Published in 1962, this book argues that pesticides should properly be called “biocides” because of their impact on organisms other than the target pests. Specifically, Carson noted the harm DDT inflicted on bird populations and warned of a future spring characterized by the lack of birdsong. She also questioned the then-dominant paradigm of scientific progress and the philosophical belief that man was destined to exert control over nature. She argued that the success of pesticides is necessarily limited because the target pests tend to develop immunity, while risks to humans and the environment will increase as the pesticides accumulate in the environment.

Apocalypse Man: The Death Drive and the Rhetoric of White Masculine Victimhood

How and why are white men increasingly identifying as victims of social, economic, and political change? This book seeks to answer this question by examining textual and performative examples of white male rhetoric—as found among online misogynist and incel communities, survivalists and “doomsday preppers,” gender-motivated mass shooters, gun activists, and political demagogues. Using sources ranging from reality television and Reddit manifestos to gun culture and political rallies, Kelly ultimately argues that death, victimhood, and fatalism have come to underwrite the constitution of contemporary white masculinity. The book also generates nuanced theoretical accounts of the relationship between particular forms of mediation and the intersecting ideologies of race and gender.

The Ahuman Manifesto

In order to suggest vitalistic, perhaps even optimistic, ways to negotiate some of the difficulties in thinking and acting in the world, this book explores five key contemporary themes: identity, spirituality, art, death, and the apocalypse.
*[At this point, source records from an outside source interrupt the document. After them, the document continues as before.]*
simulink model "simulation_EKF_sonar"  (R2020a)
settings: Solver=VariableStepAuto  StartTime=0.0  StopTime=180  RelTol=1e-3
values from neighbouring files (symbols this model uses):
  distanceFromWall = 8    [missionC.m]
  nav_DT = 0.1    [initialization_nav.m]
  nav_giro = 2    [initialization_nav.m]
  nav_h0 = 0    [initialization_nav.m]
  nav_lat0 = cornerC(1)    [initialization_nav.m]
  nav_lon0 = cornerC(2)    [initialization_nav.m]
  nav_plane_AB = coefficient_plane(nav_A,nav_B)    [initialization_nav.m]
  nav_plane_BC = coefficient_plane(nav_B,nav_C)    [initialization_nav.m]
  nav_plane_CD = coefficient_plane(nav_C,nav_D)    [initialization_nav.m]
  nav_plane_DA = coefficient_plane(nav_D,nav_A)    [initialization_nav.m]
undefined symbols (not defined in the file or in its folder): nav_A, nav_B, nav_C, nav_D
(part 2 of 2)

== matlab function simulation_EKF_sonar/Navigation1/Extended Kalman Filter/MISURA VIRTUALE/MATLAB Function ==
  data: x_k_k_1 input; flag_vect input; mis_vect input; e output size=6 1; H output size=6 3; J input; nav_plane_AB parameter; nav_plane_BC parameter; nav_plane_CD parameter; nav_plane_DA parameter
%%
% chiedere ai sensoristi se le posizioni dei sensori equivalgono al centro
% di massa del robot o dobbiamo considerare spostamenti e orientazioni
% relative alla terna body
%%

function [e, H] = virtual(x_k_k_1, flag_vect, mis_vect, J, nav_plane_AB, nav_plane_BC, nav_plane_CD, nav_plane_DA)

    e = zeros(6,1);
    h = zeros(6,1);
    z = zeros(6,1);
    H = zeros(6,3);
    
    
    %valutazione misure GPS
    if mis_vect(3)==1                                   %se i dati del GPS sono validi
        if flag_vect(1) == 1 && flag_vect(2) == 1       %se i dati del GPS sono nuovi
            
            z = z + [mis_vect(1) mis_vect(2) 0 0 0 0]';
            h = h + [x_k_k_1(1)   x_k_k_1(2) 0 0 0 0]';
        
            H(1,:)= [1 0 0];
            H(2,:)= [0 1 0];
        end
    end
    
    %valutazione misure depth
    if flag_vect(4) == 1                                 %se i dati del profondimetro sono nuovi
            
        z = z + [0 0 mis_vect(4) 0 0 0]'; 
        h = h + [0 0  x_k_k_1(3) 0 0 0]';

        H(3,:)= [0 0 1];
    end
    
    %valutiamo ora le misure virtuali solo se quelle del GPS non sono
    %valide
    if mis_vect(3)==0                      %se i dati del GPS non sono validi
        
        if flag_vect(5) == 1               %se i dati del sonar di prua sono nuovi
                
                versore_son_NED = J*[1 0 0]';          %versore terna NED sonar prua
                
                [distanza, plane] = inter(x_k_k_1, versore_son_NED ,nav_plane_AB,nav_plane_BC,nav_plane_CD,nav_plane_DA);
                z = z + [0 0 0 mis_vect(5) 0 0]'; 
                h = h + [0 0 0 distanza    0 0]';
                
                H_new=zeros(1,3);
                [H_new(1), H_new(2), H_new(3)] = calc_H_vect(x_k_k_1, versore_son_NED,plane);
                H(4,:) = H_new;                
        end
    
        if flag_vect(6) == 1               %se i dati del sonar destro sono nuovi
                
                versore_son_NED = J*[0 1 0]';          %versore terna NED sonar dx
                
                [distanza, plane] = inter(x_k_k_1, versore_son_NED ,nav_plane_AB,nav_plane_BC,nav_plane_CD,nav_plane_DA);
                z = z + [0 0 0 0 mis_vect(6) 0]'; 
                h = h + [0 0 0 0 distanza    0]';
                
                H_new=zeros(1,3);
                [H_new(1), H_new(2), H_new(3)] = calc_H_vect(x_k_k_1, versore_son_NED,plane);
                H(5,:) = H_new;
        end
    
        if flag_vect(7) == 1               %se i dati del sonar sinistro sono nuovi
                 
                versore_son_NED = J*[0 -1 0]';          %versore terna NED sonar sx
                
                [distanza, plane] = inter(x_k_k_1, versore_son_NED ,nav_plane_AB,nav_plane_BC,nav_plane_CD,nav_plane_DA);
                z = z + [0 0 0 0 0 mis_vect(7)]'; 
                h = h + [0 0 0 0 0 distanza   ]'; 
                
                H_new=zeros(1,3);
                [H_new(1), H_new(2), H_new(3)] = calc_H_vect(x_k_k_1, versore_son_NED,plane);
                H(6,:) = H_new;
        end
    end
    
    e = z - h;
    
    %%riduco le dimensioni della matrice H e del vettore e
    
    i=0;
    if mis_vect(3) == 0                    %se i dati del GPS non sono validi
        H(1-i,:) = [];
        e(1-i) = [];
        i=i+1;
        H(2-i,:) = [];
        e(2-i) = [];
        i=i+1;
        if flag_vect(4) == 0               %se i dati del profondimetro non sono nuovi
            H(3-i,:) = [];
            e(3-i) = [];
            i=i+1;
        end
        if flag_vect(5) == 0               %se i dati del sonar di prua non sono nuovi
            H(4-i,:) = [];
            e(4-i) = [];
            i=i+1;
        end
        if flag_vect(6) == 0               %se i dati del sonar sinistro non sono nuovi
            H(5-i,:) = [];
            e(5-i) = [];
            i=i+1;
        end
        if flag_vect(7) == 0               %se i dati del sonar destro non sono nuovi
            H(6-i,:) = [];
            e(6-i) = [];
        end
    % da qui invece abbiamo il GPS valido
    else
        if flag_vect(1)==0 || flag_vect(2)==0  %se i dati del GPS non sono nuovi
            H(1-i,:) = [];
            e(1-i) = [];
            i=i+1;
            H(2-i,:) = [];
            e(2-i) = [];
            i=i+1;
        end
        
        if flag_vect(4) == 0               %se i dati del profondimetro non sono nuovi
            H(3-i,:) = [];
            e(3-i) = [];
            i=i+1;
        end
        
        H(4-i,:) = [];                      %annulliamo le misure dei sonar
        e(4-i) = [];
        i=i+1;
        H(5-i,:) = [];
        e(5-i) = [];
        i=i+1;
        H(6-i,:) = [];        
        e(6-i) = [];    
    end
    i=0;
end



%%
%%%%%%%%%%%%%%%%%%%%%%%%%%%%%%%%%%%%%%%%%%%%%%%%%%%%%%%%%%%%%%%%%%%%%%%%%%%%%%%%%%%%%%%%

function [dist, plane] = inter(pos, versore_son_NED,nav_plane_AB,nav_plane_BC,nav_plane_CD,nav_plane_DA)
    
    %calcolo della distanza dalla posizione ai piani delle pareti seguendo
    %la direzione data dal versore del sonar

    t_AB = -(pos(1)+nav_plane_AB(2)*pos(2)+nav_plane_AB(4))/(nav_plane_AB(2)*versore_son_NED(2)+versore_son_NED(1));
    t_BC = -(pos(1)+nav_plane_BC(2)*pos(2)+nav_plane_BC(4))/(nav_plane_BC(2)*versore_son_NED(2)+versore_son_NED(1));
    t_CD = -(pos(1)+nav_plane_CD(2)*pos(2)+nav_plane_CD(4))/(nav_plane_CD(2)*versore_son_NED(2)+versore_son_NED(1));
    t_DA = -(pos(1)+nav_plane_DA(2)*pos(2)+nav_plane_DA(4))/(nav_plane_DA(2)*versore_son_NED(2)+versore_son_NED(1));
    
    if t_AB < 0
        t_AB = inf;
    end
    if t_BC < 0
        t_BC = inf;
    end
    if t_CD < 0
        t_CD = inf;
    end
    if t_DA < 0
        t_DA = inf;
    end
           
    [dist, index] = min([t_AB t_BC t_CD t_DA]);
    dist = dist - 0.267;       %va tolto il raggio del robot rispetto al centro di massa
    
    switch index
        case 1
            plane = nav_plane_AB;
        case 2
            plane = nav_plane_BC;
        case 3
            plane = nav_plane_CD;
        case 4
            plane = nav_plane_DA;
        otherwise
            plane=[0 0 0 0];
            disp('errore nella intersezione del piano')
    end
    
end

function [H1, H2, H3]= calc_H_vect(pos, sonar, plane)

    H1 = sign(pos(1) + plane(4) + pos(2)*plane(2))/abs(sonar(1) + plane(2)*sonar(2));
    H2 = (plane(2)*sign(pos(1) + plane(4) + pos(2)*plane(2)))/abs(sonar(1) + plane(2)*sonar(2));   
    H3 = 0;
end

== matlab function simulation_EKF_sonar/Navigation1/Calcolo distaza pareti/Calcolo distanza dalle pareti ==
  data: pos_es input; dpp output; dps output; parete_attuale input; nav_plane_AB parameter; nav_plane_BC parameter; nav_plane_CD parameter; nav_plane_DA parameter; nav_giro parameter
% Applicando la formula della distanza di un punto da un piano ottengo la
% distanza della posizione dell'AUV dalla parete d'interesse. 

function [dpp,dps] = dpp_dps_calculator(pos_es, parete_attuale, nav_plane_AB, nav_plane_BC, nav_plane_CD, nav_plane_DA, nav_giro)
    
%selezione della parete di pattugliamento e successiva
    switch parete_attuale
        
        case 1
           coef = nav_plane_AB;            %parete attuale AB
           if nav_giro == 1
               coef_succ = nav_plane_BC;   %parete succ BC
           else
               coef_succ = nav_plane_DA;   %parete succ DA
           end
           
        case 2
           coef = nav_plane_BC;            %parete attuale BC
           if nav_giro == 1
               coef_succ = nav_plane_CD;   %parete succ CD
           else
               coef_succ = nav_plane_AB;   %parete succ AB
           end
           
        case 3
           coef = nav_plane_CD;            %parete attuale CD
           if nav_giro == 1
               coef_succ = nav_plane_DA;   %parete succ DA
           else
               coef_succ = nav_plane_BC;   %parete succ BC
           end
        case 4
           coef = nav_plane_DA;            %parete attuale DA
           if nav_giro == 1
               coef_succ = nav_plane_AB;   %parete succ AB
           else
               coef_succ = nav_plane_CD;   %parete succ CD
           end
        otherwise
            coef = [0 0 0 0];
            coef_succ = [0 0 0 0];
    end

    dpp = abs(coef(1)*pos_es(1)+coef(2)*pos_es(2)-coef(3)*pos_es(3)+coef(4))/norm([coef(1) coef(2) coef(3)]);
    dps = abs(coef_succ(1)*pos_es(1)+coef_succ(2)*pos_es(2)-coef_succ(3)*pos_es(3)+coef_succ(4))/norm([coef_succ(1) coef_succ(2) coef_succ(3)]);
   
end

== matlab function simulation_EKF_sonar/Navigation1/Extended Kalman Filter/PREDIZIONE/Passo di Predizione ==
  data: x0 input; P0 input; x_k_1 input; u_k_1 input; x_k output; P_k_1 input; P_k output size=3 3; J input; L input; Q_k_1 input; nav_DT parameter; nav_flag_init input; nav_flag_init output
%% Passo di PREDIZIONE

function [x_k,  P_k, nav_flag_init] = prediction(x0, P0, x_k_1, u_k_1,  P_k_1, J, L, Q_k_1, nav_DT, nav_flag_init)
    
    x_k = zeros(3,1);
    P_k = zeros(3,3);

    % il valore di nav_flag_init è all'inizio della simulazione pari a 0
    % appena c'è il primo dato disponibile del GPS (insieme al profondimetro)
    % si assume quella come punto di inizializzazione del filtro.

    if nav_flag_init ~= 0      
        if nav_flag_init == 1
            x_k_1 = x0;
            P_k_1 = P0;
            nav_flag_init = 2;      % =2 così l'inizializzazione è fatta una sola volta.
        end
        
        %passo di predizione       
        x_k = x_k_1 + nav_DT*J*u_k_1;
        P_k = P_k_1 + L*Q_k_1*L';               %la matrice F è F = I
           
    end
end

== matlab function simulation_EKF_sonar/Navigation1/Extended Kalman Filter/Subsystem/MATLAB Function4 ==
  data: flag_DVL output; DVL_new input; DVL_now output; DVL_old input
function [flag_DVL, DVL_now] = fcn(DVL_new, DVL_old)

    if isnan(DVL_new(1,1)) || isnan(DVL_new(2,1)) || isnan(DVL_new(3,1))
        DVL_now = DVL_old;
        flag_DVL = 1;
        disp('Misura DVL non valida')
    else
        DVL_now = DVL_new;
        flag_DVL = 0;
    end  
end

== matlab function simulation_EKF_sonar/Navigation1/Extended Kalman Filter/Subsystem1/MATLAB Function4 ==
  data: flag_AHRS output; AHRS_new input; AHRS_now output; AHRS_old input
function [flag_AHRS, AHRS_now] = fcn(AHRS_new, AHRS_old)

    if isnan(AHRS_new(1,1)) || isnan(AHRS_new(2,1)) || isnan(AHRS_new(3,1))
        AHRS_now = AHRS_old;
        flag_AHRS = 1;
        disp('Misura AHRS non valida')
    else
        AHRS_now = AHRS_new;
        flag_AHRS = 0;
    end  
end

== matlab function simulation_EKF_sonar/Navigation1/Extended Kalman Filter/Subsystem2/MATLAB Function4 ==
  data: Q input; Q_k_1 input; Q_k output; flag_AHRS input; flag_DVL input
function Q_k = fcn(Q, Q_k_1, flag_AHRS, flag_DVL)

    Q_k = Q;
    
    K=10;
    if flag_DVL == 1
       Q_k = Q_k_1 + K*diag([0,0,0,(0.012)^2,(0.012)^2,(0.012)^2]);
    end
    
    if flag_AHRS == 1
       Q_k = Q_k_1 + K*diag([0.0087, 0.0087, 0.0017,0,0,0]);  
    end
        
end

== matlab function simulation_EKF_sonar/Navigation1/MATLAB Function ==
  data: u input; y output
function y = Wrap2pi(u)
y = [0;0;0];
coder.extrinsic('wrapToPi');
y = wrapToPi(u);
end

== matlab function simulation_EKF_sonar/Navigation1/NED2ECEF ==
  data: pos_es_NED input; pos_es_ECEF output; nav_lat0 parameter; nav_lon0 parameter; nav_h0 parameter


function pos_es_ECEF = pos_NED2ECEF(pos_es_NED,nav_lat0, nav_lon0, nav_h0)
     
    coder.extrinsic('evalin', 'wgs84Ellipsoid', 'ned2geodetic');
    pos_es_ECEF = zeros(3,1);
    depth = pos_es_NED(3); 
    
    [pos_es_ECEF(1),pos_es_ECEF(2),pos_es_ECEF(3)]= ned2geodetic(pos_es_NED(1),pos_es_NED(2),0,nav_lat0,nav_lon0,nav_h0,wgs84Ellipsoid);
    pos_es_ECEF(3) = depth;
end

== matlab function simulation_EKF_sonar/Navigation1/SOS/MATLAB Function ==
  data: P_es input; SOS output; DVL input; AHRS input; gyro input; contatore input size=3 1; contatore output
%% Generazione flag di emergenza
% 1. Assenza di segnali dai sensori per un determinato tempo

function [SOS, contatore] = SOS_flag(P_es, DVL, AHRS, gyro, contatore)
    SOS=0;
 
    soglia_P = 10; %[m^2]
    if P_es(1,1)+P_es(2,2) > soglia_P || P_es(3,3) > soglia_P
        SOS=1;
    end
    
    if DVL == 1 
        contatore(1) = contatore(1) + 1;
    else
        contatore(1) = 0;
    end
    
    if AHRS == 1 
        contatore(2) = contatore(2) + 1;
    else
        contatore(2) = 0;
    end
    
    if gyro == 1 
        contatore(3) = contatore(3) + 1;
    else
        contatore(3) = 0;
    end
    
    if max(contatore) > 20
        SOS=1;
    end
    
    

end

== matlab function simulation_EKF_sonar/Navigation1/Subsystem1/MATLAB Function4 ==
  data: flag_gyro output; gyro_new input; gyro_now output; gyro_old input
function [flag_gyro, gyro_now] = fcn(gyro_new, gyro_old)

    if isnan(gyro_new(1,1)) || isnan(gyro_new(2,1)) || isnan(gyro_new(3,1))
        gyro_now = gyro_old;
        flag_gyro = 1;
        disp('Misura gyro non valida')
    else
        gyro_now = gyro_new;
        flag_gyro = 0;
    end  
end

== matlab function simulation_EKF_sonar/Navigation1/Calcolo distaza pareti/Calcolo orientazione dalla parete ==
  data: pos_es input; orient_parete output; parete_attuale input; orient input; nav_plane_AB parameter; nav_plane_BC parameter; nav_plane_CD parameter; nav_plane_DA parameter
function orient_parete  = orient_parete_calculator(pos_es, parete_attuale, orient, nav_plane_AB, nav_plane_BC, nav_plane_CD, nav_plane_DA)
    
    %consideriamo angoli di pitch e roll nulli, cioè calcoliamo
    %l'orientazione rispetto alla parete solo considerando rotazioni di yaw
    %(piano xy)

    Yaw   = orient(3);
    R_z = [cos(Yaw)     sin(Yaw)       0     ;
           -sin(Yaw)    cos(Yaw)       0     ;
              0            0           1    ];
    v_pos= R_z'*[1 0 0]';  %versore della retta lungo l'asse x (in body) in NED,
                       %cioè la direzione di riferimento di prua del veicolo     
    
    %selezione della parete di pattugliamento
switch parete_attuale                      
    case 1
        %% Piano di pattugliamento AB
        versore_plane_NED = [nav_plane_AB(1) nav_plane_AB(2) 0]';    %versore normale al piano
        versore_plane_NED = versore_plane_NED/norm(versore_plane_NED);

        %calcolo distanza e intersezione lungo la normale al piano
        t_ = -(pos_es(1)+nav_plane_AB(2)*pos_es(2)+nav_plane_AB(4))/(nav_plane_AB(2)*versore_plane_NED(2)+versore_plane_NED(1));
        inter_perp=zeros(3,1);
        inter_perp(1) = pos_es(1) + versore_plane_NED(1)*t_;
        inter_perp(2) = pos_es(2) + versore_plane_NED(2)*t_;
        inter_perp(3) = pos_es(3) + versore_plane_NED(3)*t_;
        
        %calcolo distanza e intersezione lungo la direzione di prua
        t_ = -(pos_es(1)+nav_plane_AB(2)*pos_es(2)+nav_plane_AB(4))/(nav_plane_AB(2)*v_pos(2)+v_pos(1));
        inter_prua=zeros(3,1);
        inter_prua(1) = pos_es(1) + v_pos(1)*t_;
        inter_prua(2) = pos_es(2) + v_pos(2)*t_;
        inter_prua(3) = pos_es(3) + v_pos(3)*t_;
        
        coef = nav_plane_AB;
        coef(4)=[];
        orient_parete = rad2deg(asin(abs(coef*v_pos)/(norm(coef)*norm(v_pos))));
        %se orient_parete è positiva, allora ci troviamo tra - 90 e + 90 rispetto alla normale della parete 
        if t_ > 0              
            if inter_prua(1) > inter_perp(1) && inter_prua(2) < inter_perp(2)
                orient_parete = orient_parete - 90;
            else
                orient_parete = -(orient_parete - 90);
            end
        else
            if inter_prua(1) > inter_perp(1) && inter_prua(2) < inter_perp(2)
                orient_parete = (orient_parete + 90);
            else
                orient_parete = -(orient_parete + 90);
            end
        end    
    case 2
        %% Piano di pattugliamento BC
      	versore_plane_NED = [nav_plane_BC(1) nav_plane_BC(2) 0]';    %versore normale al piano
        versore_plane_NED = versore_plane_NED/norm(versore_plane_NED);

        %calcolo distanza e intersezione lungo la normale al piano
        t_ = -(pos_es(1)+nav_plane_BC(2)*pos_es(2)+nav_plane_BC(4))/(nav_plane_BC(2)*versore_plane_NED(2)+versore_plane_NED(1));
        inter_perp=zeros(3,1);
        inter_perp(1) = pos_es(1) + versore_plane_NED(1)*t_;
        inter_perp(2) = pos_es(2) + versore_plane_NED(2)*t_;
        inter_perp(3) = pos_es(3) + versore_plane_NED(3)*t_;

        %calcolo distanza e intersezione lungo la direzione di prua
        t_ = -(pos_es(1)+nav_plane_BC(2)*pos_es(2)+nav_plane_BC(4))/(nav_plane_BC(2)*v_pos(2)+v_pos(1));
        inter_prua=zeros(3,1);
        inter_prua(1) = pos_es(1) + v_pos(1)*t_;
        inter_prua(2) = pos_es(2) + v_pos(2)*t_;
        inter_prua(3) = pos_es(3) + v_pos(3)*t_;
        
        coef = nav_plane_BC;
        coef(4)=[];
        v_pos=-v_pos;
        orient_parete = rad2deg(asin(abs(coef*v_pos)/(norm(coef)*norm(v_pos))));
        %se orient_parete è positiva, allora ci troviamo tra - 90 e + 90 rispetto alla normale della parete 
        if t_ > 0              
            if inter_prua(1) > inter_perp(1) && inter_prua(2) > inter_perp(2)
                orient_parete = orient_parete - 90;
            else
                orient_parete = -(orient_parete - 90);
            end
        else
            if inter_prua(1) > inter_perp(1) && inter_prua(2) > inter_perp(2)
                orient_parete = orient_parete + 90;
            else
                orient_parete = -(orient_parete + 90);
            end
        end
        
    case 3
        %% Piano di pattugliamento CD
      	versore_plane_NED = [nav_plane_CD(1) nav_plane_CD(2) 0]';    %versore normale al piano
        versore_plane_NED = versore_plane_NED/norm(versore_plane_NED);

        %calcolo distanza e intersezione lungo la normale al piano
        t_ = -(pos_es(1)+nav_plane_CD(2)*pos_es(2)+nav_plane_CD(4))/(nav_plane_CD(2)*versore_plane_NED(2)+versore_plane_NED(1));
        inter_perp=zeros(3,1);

Collapsing activism, artistic practice and affirmative ethics, while introducing some radical contemporary ideas and addressing specifically modern phenomena like death cults, intersectional identity politics and capitalist enslavement of human and nonhuman organisms to the point of 'zombiedom', this book navigates the ways in which we must compose the human differently, specifically beyond nihilism and post- and trans-humanism and outside human privilege.